When a new Section 8 law, the Housing Opportunity Through Modernization Act of 2016 (HOTMA), entered the picture in 2016, it was intended to streamline the administrative process for landlords as well as tenants. However, its proposed regulations, introduced in 2019, “effectively eliminated the use of special needs trusts” to preserve Section 8 by counting each special needs trust distribution as income. The proposed rules offered no room for exceptions.
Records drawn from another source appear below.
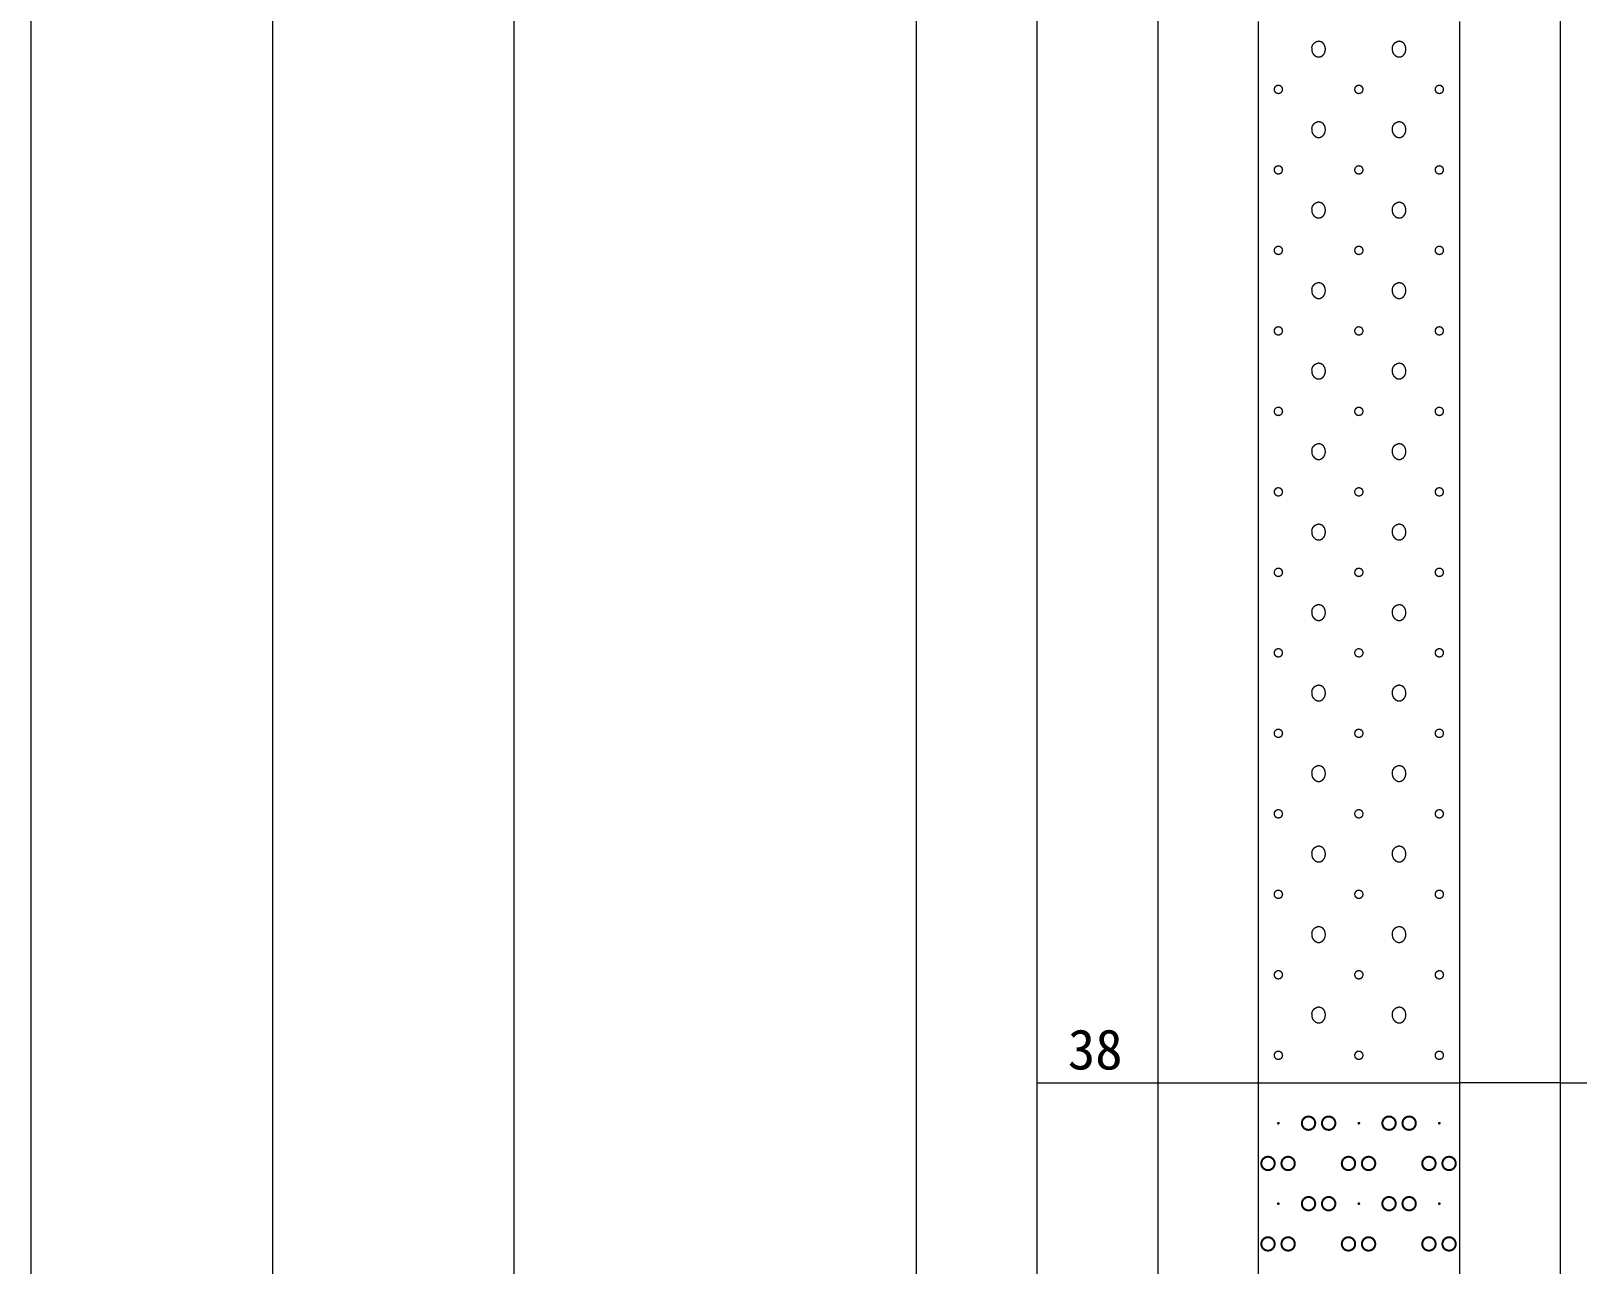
# Model space of a CAD drawing. Header units: inches. Extents: x -27 to 109, y -724 to 26.
# Drawn here: x 5.88 to 21.25, y -110.3 to -98.05 of the extents above; entities that cross this region are included whole.
import ezdxf

# ---------------------------------------------------------------- set-up
doc = ezdxf.new("R2010")
doc.units = ezdxf.units.IN
doc.header["$MEASUREMENT"] = 0
doc.layers.get('0').update_dxf_attribs({"lineweight": 0})
doc.styles.add('宋体', font='')
doc.styles.get('宋体').set_extended_font_data('宋体')

# ---------------------------------------------------------------- blocks, each defined once
blk = doc.blocks.new('lr_block_32')
at = {"color": 7, "const_width": 0.0133}
for points in [[(18.748, -98.229), (18.746, -98.212), (18.742, -98.194), (18.735, -98.181), (18.726, -98.168), (18.711, -98.156), (18.682, -98.148), (18.658, -98.156), (18.641, -98.165), (18.629, -98.177), (18.618, -98.194), (18.614, -98.212), (18.615, -98.229), (18.616, -98.246), (18.621, -98.264), (18.631, -98.28), (18.652, -98.3), (18.672, -98.308), (18.692, -98.308), (18.699, -98.306), (18.717, -98.297), (18.732, -98.28), (18.742, -98.262), (18.746, -98.246), (18.748, -98.229)], [(19.548, -98.229), (19.546, -98.212), (19.542, -98.194), (19.535, -98.181), (19.526, -98.168), (19.511, -98.156), (19.482, -98.148), (19.458, -98.156), (19.441, -98.165), (19.429, -98.177), (19.418, -98.194), (19.414, -98.212), (19.415, -98.229), (19.416, -98.246), (19.421, -98.264), (19.431, -98.28), (19.452, -98.3), (19.472, -98.308), (19.492, -98.308), (19.499, -98.306), (19.517, -98.297), (19.532, -98.28), (19.542, -98.262), (19.546, -98.246), (19.548, -98.229)], [(18.323, -98.629), (18.321, -98.618), (18.317, -98.608), (18.311, -98.6), (18.302, -98.593), (18.292, -98.589), (18.282, -98.588), (18.271, -98.589), (18.261, -98.593), (18.253, -98.6), (18.246, -98.608), (18.242, -98.618), (18.241, -98.629), (18.242, -98.639), (18.246, -98.649), (18.253, -98.658), (18.261, -98.664), (18.271, -98.668), (18.282, -98.67), (18.292, -98.668), (18.302, -98.664), (18.311, -98.658), (18.317, -98.649), (18.321, -98.639), (18.323, -98.629)], [(19.123, -98.629), (19.121, -98.618), (19.117, -98.608), (19.111, -98.6), (19.102, -98.593), (19.092, -98.589), (19.082, -98.588), (19.071, -98.589), (19.061, -98.593), (19.053, -98.6), (19.046, -98.608), (19.042, -98.618), (19.041, -98.629), (19.042, -98.639), (19.046, -98.649), (19.053, -98.658), (19.061, -98.664), (19.071, -98.668), (19.082, -98.67), (19.092, -98.668), (19.102, -98.664), (19.111, -98.658), (19.117, -98.649), (19.121, -98.639), (19.123, -98.629)], [(19.923, -98.629), (19.921, -98.618), (19.917, -98.608), (19.911, -98.6), (19.902, -98.593), (19.892, -98.589), (19.882, -98.588), (19.871, -98.589), (19.861, -98.593), (19.853, -98.6), (19.846, -98.608), (19.842, -98.618), (19.841, -98.629), (19.842, -98.639), (19.846, -98.649), (19.853, -98.658), (19.861, -98.664), (19.871, -98.668), (19.882, -98.67), (19.892, -98.668), (19.902, -98.664), (19.911, -98.658), (19.917, -98.649), (19.921, -98.639), (19.923, -98.629)], [(18.748, -99.029), (18.746, -99.012), (18.742, -98.994), (18.735, -98.981), (18.726, -98.968), (18.711, -98.956), (18.682, -98.948), (18.658, -98.956), (18.641, -98.965), (18.629, -98.977), (18.618, -98.994), (18.614, -99.012), (18.615, -99.029), (18.616, -99.046), (18.621, -99.064), (18.631, -99.08), (18.652, -99.1), (18.672, -99.108), (18.692, -99.108), (18.699, -99.106), (18.717, -99.097), (18.732, -99.08), (18.742, -99.062), (18.746, -99.046), (18.748, -99.029)], [(19.548, -99.029), (19.546, -99.012), (19.542, -98.994), (19.535, -98.981), (19.526, -98.968), (19.511, -98.956), (19.482, -98.948), (19.458, -98.956), (19.441, -98.965), (19.429, -98.977), (19.418, -98.994), (19.414, -99.012), (19.415, -99.029), (19.416, -99.046), (19.421, -99.064), (19.431, -99.08), (19.452, -99.1), (19.472, -99.108), (19.492, -99.108), (19.499, -99.106), (19.517, -99.097), (19.532, -99.08), (19.542, -99.062), (19.546, -99.046), (19.548, -99.029)], [(18.323, -99.429), (18.321, -99.418), (18.317, -99.408), (18.311, -99.4), (18.302, -99.393), (18.292, -99.389), (18.282, -99.388), (18.271, -99.389), (18.261, -99.393), (18.253, -99.4), (18.246, -99.408), (18.242, -99.418), (18.241, -99.429), (18.242, -99.439), (18.246, -99.449), (18.253, -99.458), (18.261, -99.464), (18.271, -99.468), (18.282, -99.47), (18.292, -99.468), (18.302, -99.464), (18.311, -99.458), (18.317, -99.449), (18.321, -99.439), (18.323, -99.429)], [(19.123, -99.429), (19.121, -99.418), (19.117, -99.408), (19.111, -99.4), (19.102, -99.393), (19.092, -99.389), (19.082, -99.388), (19.071, -99.389), (19.061, -99.393), (19.053, -99.4), (19.046, -99.408), (19.042, -99.418), (19.041, -99.429), (19.042, -99.439), (19.046, -99.449), (19.053, -99.458), (19.061, -99.464), (19.071, -99.468), (19.082, -99.47), (19.092, -99.468), (19.102, -99.464), (19.111, -99.458), (19.117, -99.449), (19.121, -99.439), (19.123, -99.429)], [(19.923, -99.429), (19.921, -99.418), (19.917, -99.408), (19.911, -99.4), (19.902, -99.393), (19.892, -99.389), (19.882, -99.388), (19.871, -99.389), (19.861, -99.393), (19.853, -99.4), (19.846, -99.408), (19.842, -99.418), (19.841, -99.429), (19.842, -99.439), (19.846, -99.449), (19.853, -99.458), (19.861, -99.464), (19.871, -99.468), (19.882, -99.47), (19.892, -99.468), (19.902, -99.464), (19.911, -99.458), (19.917, -99.449), (19.921, -99.439), (19.923, -99.429)], [(18.748, -99.829), (18.746, -99.812), (18.742, -99.794), (18.735, -99.781), (18.726, -99.768), (18.711, -99.756), (18.682, -99.748), (18.658, -99.756), (18.641, -99.765), (18.629, -99.777), (18.618, -99.794), (18.614, -99.812), (18.615, -99.829), (18.616, -99.846), (18.621, -99.864), (18.631, -99.88), (18.652, -99.9), (18.672, -99.908), (18.692, -99.908), (18.699, -99.906), (18.717, -99.897), (18.732, -99.88), (18.742, -99.862), (18.746, -99.846), (18.748, -99.829)], [(19.548, -99.829), (19.546, -99.812), (19.542, -99.794), (19.535, -99.781), (19.526, -99.768), (19.511, -99.756), (19.482, -99.748), (19.458, -99.756), (19.441, -99.765), (19.429, -99.777), (19.418, -99.794), (19.414, -99.812), (19.415, -99.829), (19.416, -99.846), (19.421, -99.864), (19.431, -99.88), (19.452, -99.9), (19.472, -99.908), (19.492, -99.908), (19.499, -99.906), (19.517, -99.897), (19.532, -99.88), (19.542, -99.862), (19.546, -99.846), (19.548, -99.829)], [(18.323, -100.229), (18.321, -100.218), (18.317, -100.208), (18.311, -100.2), (18.302, -100.193), (18.292, -100.189), (18.282, -100.188), (18.271, -100.189), (18.261, -100.193), (18.253, -100.2), (18.246, -100.208), (18.242, -100.218), (18.241, -100.229), (18.242, -100.239), (18.246, -100.249), (18.253, -100.258), (18.261, -100.264), (18.271, -100.268), (18.282, -100.27), (18.292, -100.268), (18.302, -100.264), (18.311, -100.258), (18.317, -100.249), (18.321, -100.239), (18.323, -100.229)], [(19.123, -100.229), (19.121, -100.218), (19.117, -100.208), (19.111, -100.2), (19.102, -100.193), (19.092, -100.189), (19.082, -100.188), (19.071, -100.189), (19.061, -100.193), (19.053, -100.2), (19.046, -100.208), (19.042, -100.218), (19.041, -100.229), (19.042, -100.239), (19.046, -100.249), (19.053, -100.258), (19.061, -100.264), (19.071, -100.268), (19.082, -100.27), (19.092, -100.268), (19.102, -100.264), (19.111, -100.258), (19.117, -100.249), (19.121, -100.239), (19.123, -100.229)], [(19.923, -100.229), (19.921, -100.218), (19.917, -100.208), (19.911, -100.2), (19.902, -100.193), (19.892, -100.189), (19.882, -100.188), (19.871, -100.189), (19.861, -100.193), (19.853, -100.2), (19.846, -100.208), (19.842, -100.218), (19.841, -100.229), (19.842, -100.239), (19.846, -100.249), (19.853, -100.258), (19.861, -100.264), (19.871, -100.268), (19.882, -100.27), (19.892, -100.268), (19.902, -100.264), (19.911, -100.258), (19.917, -100.249), (19.921, -100.239), (19.923, -100.229)], [(18.748, -100.629), (18.746, -100.612), (18.742, -100.594), (18.735, -100.581), (18.726, -100.568), (18.711, -100.556), (18.682, -100.548), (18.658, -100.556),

This would inevitably put special needs planners between a rock and a hard place, Urbatsch explained. “You’re going to have your clients come to you with Section 8,” he said. “They might have a special needs trust, but you can’t use it … So you have to make a choice: They’re going to use their special needs trust, or they are going to continue with Section 8.”
‘The Big Save’
Attorneys and advocates waited years for the final official guidelines. In February 2023, HUD finally issued them. In what Urbatsch calls “the Big Save,” the final version now includes language that will ultimately allow individuals to use special needs trusts while remaining eligible for Section 8.
While these final regulations are slated to go into effect at the start of 2024, there are a number of outstanding questions. For example, public housing agencies are often unfamiliar with special needs trusts, Urbatsch pointed out. It remains to be seen whether these agencies will become more likely to place the onus on the trustee or resident to verify whether they have received any income from a trust, and whether such agencies would start to withhold recertification of eligibility.
Insights and Resources
For special needs planners who have clients in Section 8 housing, Urbatsch shared several pieces of advice as well as resources attorneys may find helpful. Among them are the following:
- Have a plan in place to monitor the beneficiary’s income.
- Manage income tax consequences.
- If necessary, amend the trust to manage trust income and allow distribution of all principal before income distribution.
- Use ABLE accounts for ‘income’ distributions from the special needs trust.
- Check out Section 8 Made Simple from the Technical Assistance Collaborative, which offers many of the technical details.
- Visit HUD’s dedicated resource page on HOTMA.